How to Distinguish from Similar Species: This is the largest shrimp on the west coast of North America. The large size and white spot on the abdomen are distinctive. Pandalus tridens has a 6th abdominal segment 3 times as long as wide. Geographical Range: Unalaska, Alaska to San Diego, CA; Sea of Japan and Korea Strait Depth Range: Low intertidal to 487 meters. Mostly well below the intertidal zone. Habitat: Subtidal rocky and sandy habitats. We frequently catch them on by otter trawl in the San Juan Channel on bottoms of shelly hash. Juveniles come shallower, even into the lower intertidal zone where they hide in crevices and under boulders during the day. Biology/Natural History: A common inhabitant of deep sandy bottoms in the Rosario area. Feed on crustaceans, polychaetes, limpets, and carcasses. One important predator is the giant octopus Octopus dofleini and the yelloweye rockfish Sebastes ruberrimus. One interesting feature about this species is that it has a different number of multiarticulations on the carpus of its two second pereopods: The left pereopod has 27-31 articles and is longer, while the shorter right second pereopod has only 8 or 9 articles on the carpus. Breeding ends in late October. Females carry their eggs on the abdomen for 4-5 months, remain in deep water. Eggs hatch in March or April. Larvae settle from the plankton in May and June. Juveniles feed in shallow water during summer, especially among Agarum fimbriatum and A. clathratum kelp. They seem to avoid Laminaria saccharina. During their second fall (carapace length 2.8 cm) they become males, which they remain until they grow to 3.3 cm carapace length, at which time they become females. Females may mate only once. May not live longer than 4 years. These shrimp are very common on the bottom in the deeper portions of the Salish Sea. At depths over 70 m in the Salish Sea area they aggregate on shallow-slope bottoms near deposits of drift kelp, on which they feed (Britton-Simmons et al., 2012) The full genetic sequence of the species' mitochondria was published by Cronin et al., 2022. The species' mitochondrial genome is 16,628 base pairs long and contains 13 protein-coding genes, 2 ribosomal RNA genes, and 24 transfer RNA genes.

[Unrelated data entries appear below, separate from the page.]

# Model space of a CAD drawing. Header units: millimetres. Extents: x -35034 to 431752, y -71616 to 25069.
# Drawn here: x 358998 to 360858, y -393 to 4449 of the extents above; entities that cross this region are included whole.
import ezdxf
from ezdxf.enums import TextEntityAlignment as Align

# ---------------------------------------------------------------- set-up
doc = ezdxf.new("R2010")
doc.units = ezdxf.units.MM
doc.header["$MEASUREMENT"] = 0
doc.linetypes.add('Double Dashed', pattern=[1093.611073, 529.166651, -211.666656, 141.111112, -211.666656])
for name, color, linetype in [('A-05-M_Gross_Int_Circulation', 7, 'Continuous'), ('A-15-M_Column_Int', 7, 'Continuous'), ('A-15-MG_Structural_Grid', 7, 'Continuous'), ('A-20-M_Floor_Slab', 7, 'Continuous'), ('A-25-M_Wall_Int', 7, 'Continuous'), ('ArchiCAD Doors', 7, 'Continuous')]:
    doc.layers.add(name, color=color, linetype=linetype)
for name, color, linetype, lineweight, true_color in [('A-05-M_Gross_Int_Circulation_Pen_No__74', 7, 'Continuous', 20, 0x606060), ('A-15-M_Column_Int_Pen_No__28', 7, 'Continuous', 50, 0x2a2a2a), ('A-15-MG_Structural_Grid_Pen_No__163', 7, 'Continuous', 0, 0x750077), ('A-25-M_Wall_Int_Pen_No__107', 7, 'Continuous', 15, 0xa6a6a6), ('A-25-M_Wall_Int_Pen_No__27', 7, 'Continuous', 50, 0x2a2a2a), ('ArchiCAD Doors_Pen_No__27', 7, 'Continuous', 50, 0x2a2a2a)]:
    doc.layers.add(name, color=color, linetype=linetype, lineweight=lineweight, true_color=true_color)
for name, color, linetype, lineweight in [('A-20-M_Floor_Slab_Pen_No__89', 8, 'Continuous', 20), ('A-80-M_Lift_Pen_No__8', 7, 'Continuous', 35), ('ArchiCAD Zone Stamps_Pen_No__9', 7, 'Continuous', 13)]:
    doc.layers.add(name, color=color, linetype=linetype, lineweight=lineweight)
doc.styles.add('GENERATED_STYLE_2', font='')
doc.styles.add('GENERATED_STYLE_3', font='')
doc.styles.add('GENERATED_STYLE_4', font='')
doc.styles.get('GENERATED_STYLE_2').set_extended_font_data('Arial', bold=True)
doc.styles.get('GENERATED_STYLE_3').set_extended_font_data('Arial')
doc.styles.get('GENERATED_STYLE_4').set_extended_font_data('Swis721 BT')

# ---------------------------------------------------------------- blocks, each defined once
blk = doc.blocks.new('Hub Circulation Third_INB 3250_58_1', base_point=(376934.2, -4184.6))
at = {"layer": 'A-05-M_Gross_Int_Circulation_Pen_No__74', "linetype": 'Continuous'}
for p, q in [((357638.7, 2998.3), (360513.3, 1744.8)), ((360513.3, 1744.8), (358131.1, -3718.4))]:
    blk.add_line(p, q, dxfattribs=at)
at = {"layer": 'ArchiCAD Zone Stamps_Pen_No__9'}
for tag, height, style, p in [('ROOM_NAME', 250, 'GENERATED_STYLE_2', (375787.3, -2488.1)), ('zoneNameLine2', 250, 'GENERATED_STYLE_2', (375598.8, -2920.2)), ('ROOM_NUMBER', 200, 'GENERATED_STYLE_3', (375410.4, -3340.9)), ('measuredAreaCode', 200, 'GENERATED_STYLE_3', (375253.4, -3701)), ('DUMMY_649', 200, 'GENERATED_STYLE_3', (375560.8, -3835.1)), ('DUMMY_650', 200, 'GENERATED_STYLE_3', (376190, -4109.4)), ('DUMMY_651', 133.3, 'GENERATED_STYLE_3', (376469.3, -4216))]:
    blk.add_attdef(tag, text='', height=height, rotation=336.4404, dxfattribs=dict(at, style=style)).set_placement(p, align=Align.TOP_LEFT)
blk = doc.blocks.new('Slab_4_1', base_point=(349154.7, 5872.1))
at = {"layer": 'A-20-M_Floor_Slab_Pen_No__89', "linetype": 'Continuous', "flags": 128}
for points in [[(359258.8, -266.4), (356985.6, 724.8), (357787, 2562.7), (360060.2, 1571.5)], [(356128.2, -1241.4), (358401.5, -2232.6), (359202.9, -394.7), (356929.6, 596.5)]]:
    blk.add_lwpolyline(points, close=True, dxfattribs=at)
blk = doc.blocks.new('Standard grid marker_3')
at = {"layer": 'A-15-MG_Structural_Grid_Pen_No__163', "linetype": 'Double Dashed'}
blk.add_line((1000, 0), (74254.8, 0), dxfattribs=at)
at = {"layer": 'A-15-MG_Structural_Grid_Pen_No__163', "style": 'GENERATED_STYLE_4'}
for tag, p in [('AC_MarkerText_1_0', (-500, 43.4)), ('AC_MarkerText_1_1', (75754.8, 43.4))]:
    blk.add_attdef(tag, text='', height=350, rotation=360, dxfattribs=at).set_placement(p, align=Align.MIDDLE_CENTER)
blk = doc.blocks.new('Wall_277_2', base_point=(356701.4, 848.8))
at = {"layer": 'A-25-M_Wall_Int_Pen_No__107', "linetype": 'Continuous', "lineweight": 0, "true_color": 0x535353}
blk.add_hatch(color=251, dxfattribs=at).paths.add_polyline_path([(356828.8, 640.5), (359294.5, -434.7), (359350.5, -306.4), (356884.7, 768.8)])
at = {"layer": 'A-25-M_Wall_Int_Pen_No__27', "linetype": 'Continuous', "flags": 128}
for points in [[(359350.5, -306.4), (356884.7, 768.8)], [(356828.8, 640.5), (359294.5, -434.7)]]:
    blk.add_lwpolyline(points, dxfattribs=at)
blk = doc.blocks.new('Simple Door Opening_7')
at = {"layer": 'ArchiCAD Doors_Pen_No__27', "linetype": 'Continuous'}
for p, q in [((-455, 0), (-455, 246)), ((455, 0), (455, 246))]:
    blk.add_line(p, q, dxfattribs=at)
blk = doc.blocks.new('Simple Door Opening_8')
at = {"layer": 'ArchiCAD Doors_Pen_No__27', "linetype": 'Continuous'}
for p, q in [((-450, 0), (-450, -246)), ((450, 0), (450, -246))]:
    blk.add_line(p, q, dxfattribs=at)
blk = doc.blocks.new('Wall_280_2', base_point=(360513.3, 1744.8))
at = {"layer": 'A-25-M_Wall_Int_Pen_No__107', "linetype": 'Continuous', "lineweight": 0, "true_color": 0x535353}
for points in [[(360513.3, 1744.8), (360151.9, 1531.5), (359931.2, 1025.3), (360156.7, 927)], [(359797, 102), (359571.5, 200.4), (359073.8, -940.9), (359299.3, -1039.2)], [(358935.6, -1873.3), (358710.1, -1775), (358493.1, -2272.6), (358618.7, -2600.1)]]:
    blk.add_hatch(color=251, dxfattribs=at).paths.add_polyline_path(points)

References:Dichotomous Keys:Kozloff 1987, 1996 Wicksten, 2009 General References:
Scientific Articles:
Britton-Simmons, Kevin H., Alison L. Rhoades, Robert E. Pacunski, Aaron W.E. Galloway, Alexander T. Lowe, Elizabeth A. Sosik, Megan N. Dethier, and David O. Duggins, 2012. Habitat and bathymetry influence the landscape-scale distribution and abundance of drift macrophytes and associated invertebrates. Limnology and Oceanography 57:1 pp. 176-184 Cronin, Timothy J., Steven J.M. Jones, and J. Antonie Baeza, 2022. The complete mitochondrial genome of the spot prawn, Pandalus platyceros Brandt in von Middendorf, 1851 (Decapoda: Caridea: Pandalidae), assembled from linked-reads sequencing. Journal of Crustacean Biology 42:1, ruac003, https://doi.org/10/1093/jcbiol/ruac003 Komai, T., 1999. A revision of the genus Pandalus (Crustacea: Decapoda: Caridea: Pandalidae). Journal of Natural History 33: pp 1265-1372 McFadden, Melissa A., 2004. Living without
oxygen: The anaerobic
metabolism of Hemisquilla
californiensis. M.S. thesis, Walla Walla
College Dept. of Biology. 58 pp. Though the primary
species
studied in this thesis was the mantis shrimp Hemisquilla
californiensis,
the control species was Pandalus platyceros.
The abstract
follows:
General Notes and Observations: Locations, abundances, unusual behaviors: *Note on shrimp vs prawns: In most of the world, members of infraorder Caridea are known as shrimp and members of infraorder Penaeidea are known as prawns. In the United States, however, these terms are used much more loosely. Often any shrimplike animal which has a large body and walks along the bottom is called a prawn. I prefer to use the terms as the rest of the world does since that makes more taxonomic sense. This species is fished commercially (mainly via shrimp pots) from Alaska to northern California.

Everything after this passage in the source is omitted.